* [Exercise materials]

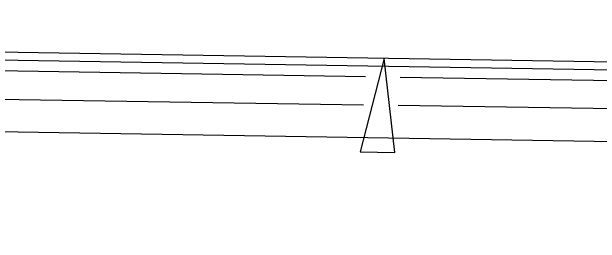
# Model space of a CAD drawing. Extents: x -68 to 264, y 51 to 115.
# Drawn here: x -29.76 to -28.994, y 87.163 to 87.465 of the extents above; entities that cross this region are included whole.
import ezdxf

# ---------------------------------------------------------------- set-up
doc = ezdxf.new("R2010")
doc.units = 0
doc.layers.get('0').update_dxf_attribs({"linetype": 'CONTINUOUS'})

msp = doc.modelspace()

# ---------------------------------------------------------------- linework, layer by layer
for p, q in [((-19.85891, 87.2532), (-33.06591, 87.46505)), ((-32.36342, 87.44357), (-19.84199, 87.24272)), ((-29.29907, 87.38013), (-30.65969, 87.40196)), ((-29.27483, 87.40423), (-29.30609, 87.28226)), ((-29.26111, 87.28154), (-29.27483, 87.40423)), ((-27.89338, 87.35758), (-29.25409, 87.37941)), ((-30.6624, 87.36526), (-29.3017, 87.34343)), ((-20.72894, 87.16303), (-32.20899, 87.34721)), ((-27.89594, 87.32088), (-29.25672, 87.34271)), ((-29.30609, 87.28226), (-29.26111, 87.28154))]:
    msp.add_line(p, q)

doc.saveas('drawing.dxf')
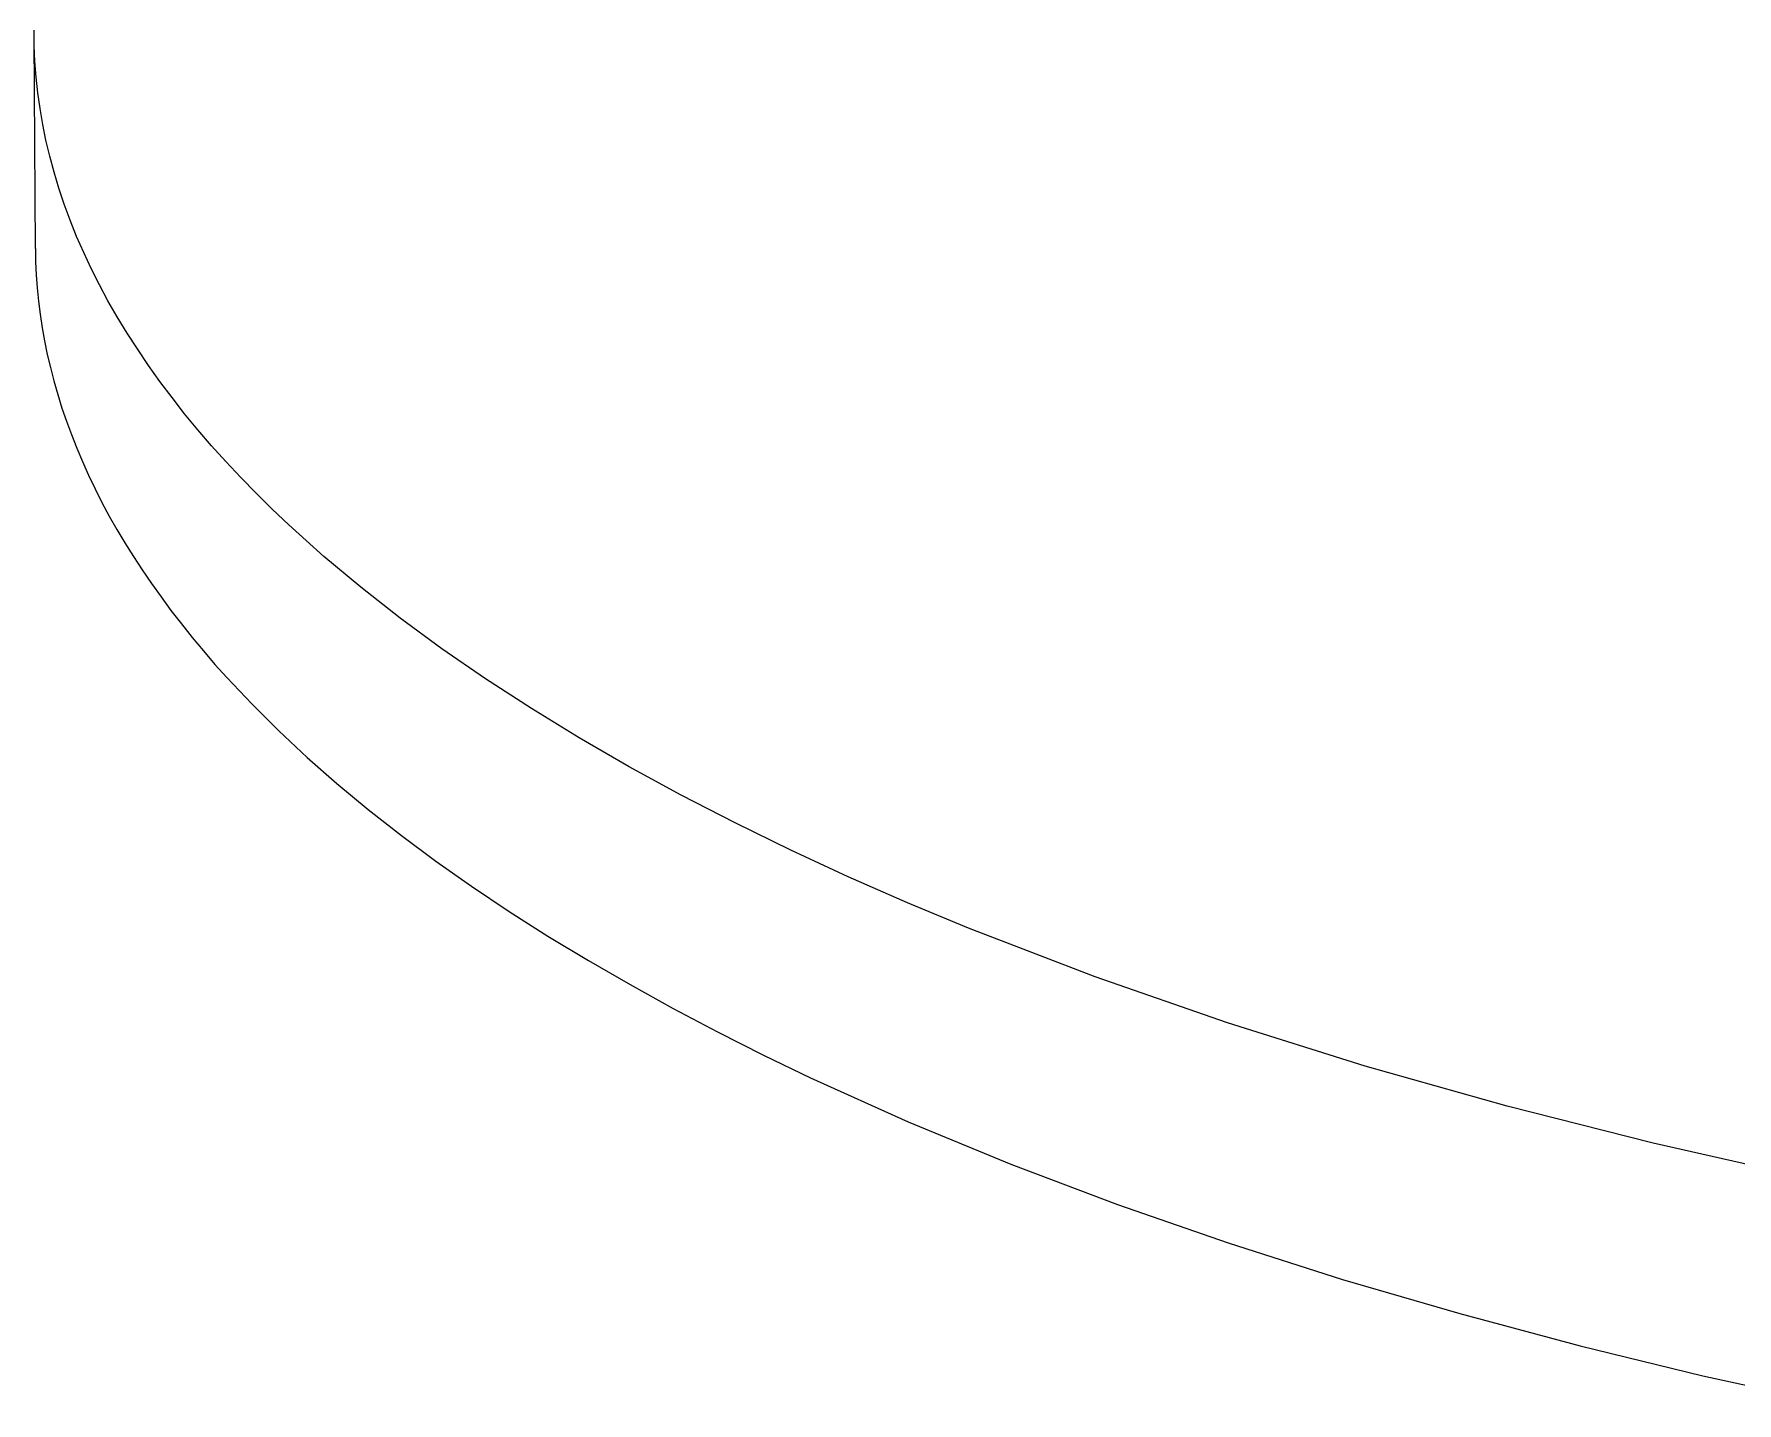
# Model space of a CAD drawing. Header units: inches. Extents: x 34 to 350, y 156 to 377.
# Drawn here: x 142.323 to 146.066, y 200.475 to 203.484 of the extents above; entities that cross this region are included whole.
import ezdxf

# ---------------------------------------------------------------- set-up
doc = ezdxf.new("R2010")
doc.units = ezdxf.units.IN
doc.header["$MEASUREMENT"] = 0
doc.layers.add('DIMS', color=7, linetype='Continuous')

# ---------------------------------------------------------------- blocks, each defined once
blk = doc.blocks.new('block 433')
at = {"layer": 'DIMS', "color": 7, "lineweight": 18, "true_color": 0xffffff}
blk.add_lwpolyline([(142.3262, 203.0122), (142.3234, 203.4753)], dxfattribs=at)
blk = doc.blocks.new('block 1915')
at = {"layer": 'DIMS', "color": 7, "lineweight": 18, "true_color": 0xffffff}
blk.add_lwpolyline([(142.3262, 203.0122), (142.3265, 202.9833)], dxfattribs=at)
blk = doc.blocks.new('block 1916')
at = {"layer": 'DIMS', "color": 7, "lineweight": 18, "true_color": 0xffffff}
blk.add_lwpolyline([(142.3265, 202.9833), (142.3279, 202.9547)], dxfattribs=at)
blk = doc.blocks.new('block 1917')
at = {"layer": 'DIMS', "color": 7, "lineweight": 18, "true_color": 0xffffff}
blk.add_lwpolyline([(142.3279, 202.9547), (142.3302, 202.9258)], dxfattribs=at)
blk = doc.blocks.new('block 1918')
at = {"layer": 'DIMS', "color": 7, "lineweight": 18, "true_color": 0xffffff}
blk.add_lwpolyline([(142.3302, 202.9258), (142.3327, 202.8967)], dxfattribs=at)
blk = doc.blocks.new('block 1919')
at = {"layer": 'DIMS', "color": 7, "lineweight": 18, "true_color": 0xffffff}
blk.add_lwpolyline([(142.3327, 202.8967), (142.3365, 202.8679)], dxfattribs=at)
blk = doc.blocks.new('block 1920')
at = {"layer": 'DIMS', "color": 7, "lineweight": 18, "true_color": 0xffffff}
blk.add_lwpolyline([(142.3365, 202.8679), (142.3412, 202.8383)], dxfattribs=at)
blk = doc.blocks.new('block 1921')
at = {"layer": 'DIMS', "color": 7, "lineweight": 18, "true_color": 0xffffff}
blk.add_lwpolyline([(142.3412, 202.8383), (142.3462, 202.8095)], dxfattribs=at)
blk = doc.blocks.new('block 1922')
at = {"layer": 'DIMS', "color": 7, "lineweight": 18, "true_color": 0xffffff}
blk.add_lwpolyline([(142.3462, 202.8095), (142.3522, 202.7795)], dxfattribs=at)
blk = doc.blocks.new('block 1923')
at = {"layer": 'DIMS', "color": 7, "lineweight": 18, "true_color": 0xffffff}
blk.add_lwpolyline([(142.3522, 202.7795), (142.3589, 202.7508)], dxfattribs=at)
blk = doc.blocks.new('block 1924')
at = {"layer": 'DIMS', "color": 7, "lineweight": 18, "true_color": 0xffffff}
blk.add_lwpolyline([(142.3589, 202.7508), (142.3667, 202.7213)], dxfattribs=at)
blk = doc.blocks.new('block 1925')
at = {"layer": 'DIMS', "color": 7, "lineweight": 18, "true_color": 0xffffff}
blk.add_lwpolyline([(142.3667, 202.7213), (142.3751, 202.6913)], dxfattribs=at)
blk = doc.blocks.new('block 1926')
at = {"layer": 'DIMS', "color": 7, "lineweight": 18, "true_color": 0xffffff}
blk.add_lwpolyline([(142.3751, 202.6913), (142.3842, 202.6617)], dxfattribs=at)
blk = doc.blocks.new('block 1927')
at = {"layer": 'DIMS', "color": 7, "lineweight": 18, "true_color": 0xffffff}
blk.add_lwpolyline([(142.3842, 202.6617), (142.3942, 202.6329)], dxfattribs=at)
blk = doc.blocks.new('block 1928')
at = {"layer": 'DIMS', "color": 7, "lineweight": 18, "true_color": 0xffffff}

* [Your task] When restating the records word for word, omit any picture they contain.

* [Exercise result]
# Model space of a CAD drawing. Extents: x -68 to 264, y 51 to 115.
# Drawn here: x -29.76 to -28.994, y 87.163 to 87.465 of the extents above; entities that cross this region are included whole.
import ezdxf

# ---------------------------------------------------------------- set-up
doc = ezdxf.new("R2010")
doc.units = 0
doc.layers.get('0').update_dxf_attribs({"linetype": 'CONTINUOUS'})

msp = doc.modelspace()

# ---------------------------------------------------------------- linework, layer by layer
for p, q in [((-19.85891, 87.2532), (-33.06591, 87.46505)), ((-32.36342, 87.44357), (-19.84199, 87.24272)), ((-29.29907, 87.38013), (-30.65969, 87.40196)), ((-29.27483, 87.40423), (-29.30609, 87.28226)), ((-29.26111, 87.28154), (-29.27483, 87.40423)), ((-27.89338, 87.35758), (-29.25409, 87.37941)), ((-30.6624, 87.36526), (-29.3017, 87.34343)), ((-20.72894, 87.16303), (-32.20899, 87.34721)), ((-27.89594, 87.32088), (-29.25672, 87.34271)), ((-29.30609, 87.28226), (-29.26111, 87.28154))]:
    msp.add_line(p, q)

doc.saveas('drawing.dxf')
# Model space of a CAD drawing. Header units: inches. Extents: x 34 to 350, y 156 to 377.
# Drawn here: x 142.323 to 146.066, y 200.475 to 203.484 of the extents above; entities that cross this region are included whole.
import ezdxf

# ---------------------------------------------------------------- set-up
doc = ezdxf.new("R2010")
doc.units = ezdxf.units.IN
doc.header["$MEASUREMENT"] = 0
doc.layers.add('DIMS', color=7, linetype='Continuous')

# ---------------------------------------------------------------- blocks, each defined once
blk = doc.blocks.new('block 433')
at = {"layer": 'DIMS', "color": 7, "lineweight": 18, "true_color": 0xffffff}
blk.add_lwpolyline([(142.3262, 203.0122), (142.3234, 203.4753)], dxfattribs=at)
blk = doc.blocks.new('block 1915')
at = {"layer": 'DIMS', "color": 7, "lineweight": 18, "true_color": 0xffffff}
blk.add_lwpolyline([(142.3262, 203.0122), (142.3265, 202.9833)], dxfattribs=at)
blk = doc.blocks.new('block 1916')
at = {"layer": 'DIMS', "color": 7, "lineweight": 18, "true_color": 0xffffff}
blk.add_lwpolyline([(142.3265, 202.9833), (142.3279, 202.9547)], dxfattribs=at)
blk = doc.blocks.new('block 1917')
at = {"layer": 'DIMS', "color": 7, "lineweight": 18, "true_color": 0xffffff}
blk.add_lwpolyline([(142.3279, 202.9547), (142.3302, 202.9258)], dxfattribs=at)
blk = doc.blocks.new('block 1918')
at = {"layer": 'DIMS', "color": 7, "lineweight": 18, "true_color": 0xffffff}
blk.add_lwpolyline([(142.3302, 202.9258), (142.3327, 202.8967)], dxfattribs=at)
blk = doc.blocks.new('block 1919')
at = {"layer": 'DIMS', "color": 7, "lineweight": 18, "true_color": 0xffffff}
blk.add_lwpolyline([(142.3327, 202.8967), (142.3365, 202.8679)], dxfattribs=at)
blk = doc.blocks.new('block 1920')
at = {"layer": 'DIMS', "color": 7, "lineweight": 18, "true_color": 0xffffff}
blk.add_lwpolyline([(142.3365, 202.8679), (142.3412, 202.8383)], dxfattribs=at)
blk = doc.blocks.new('block 1921')
at = {"layer": 'DIMS', "color": 7, "lineweight": 18, "true_color": 0xffffff}
blk.add_lwpolyline([(142.3412, 202.8383), (142.3462, 202.8095)], dxfattribs=at)
blk = doc.blocks.new('block 1922')
at = {"layer": 'DIMS', "color": 7, "lineweight": 18, "true_color": 0xffffff}
blk.add_lwpolyline([(142.3462, 202.8095), (142.3522, 202.7795)], dxfattribs=at)
blk = doc.blocks.new('block 1923')
at = {"layer": 'DIMS', "color": 7, "lineweight": 18, "true_color": 0xffffff}
blk.add_lwpolyline([(142.3522, 202.7795), (142.3589, 202.7508)], dxfattribs=at)
blk = doc.blocks.new('block 1924')
at = {"layer": 'DIMS', "color": 7, "lineweight": 18, "true_color": 0xffffff}
blk.add_lwpolyline([(142.3589, 202.7508), (142.3667, 202.7213)], dxfattribs=at)
blk = doc.blocks.new('block 1925')
at = {"layer": 'DIMS', "color": 7, "lineweight": 18, "true_color": 0xffffff}
blk.add_lwpolyline([(142.3667, 202.7213), (142.3751, 202.6913)], dxfattribs=at)
blk = doc.blocks.new('block 1926')
at = {"layer": 'DIMS', "color": 7, "lineweight": 18, "true_color": 0xffffff}
blk.add_lwpolyline([(142.3751, 202.6913), (142.3842, 202.6617)], dxfattribs=at)
blk = doc.blocks.new('block 1927')
at = {"layer": 'DIMS', "color": 7, "lineweight": 18, "true_color": 0xffffff}
blk.add_lwpolyline([(142.3842, 202.6617), (142.3942, 202.6329)], dxfattribs=at)
blk = doc.blocks.new('block 1928')
at = {"layer": 'DIMS', "color": 7, "lineweight": 18, "true_color": 0xffffff}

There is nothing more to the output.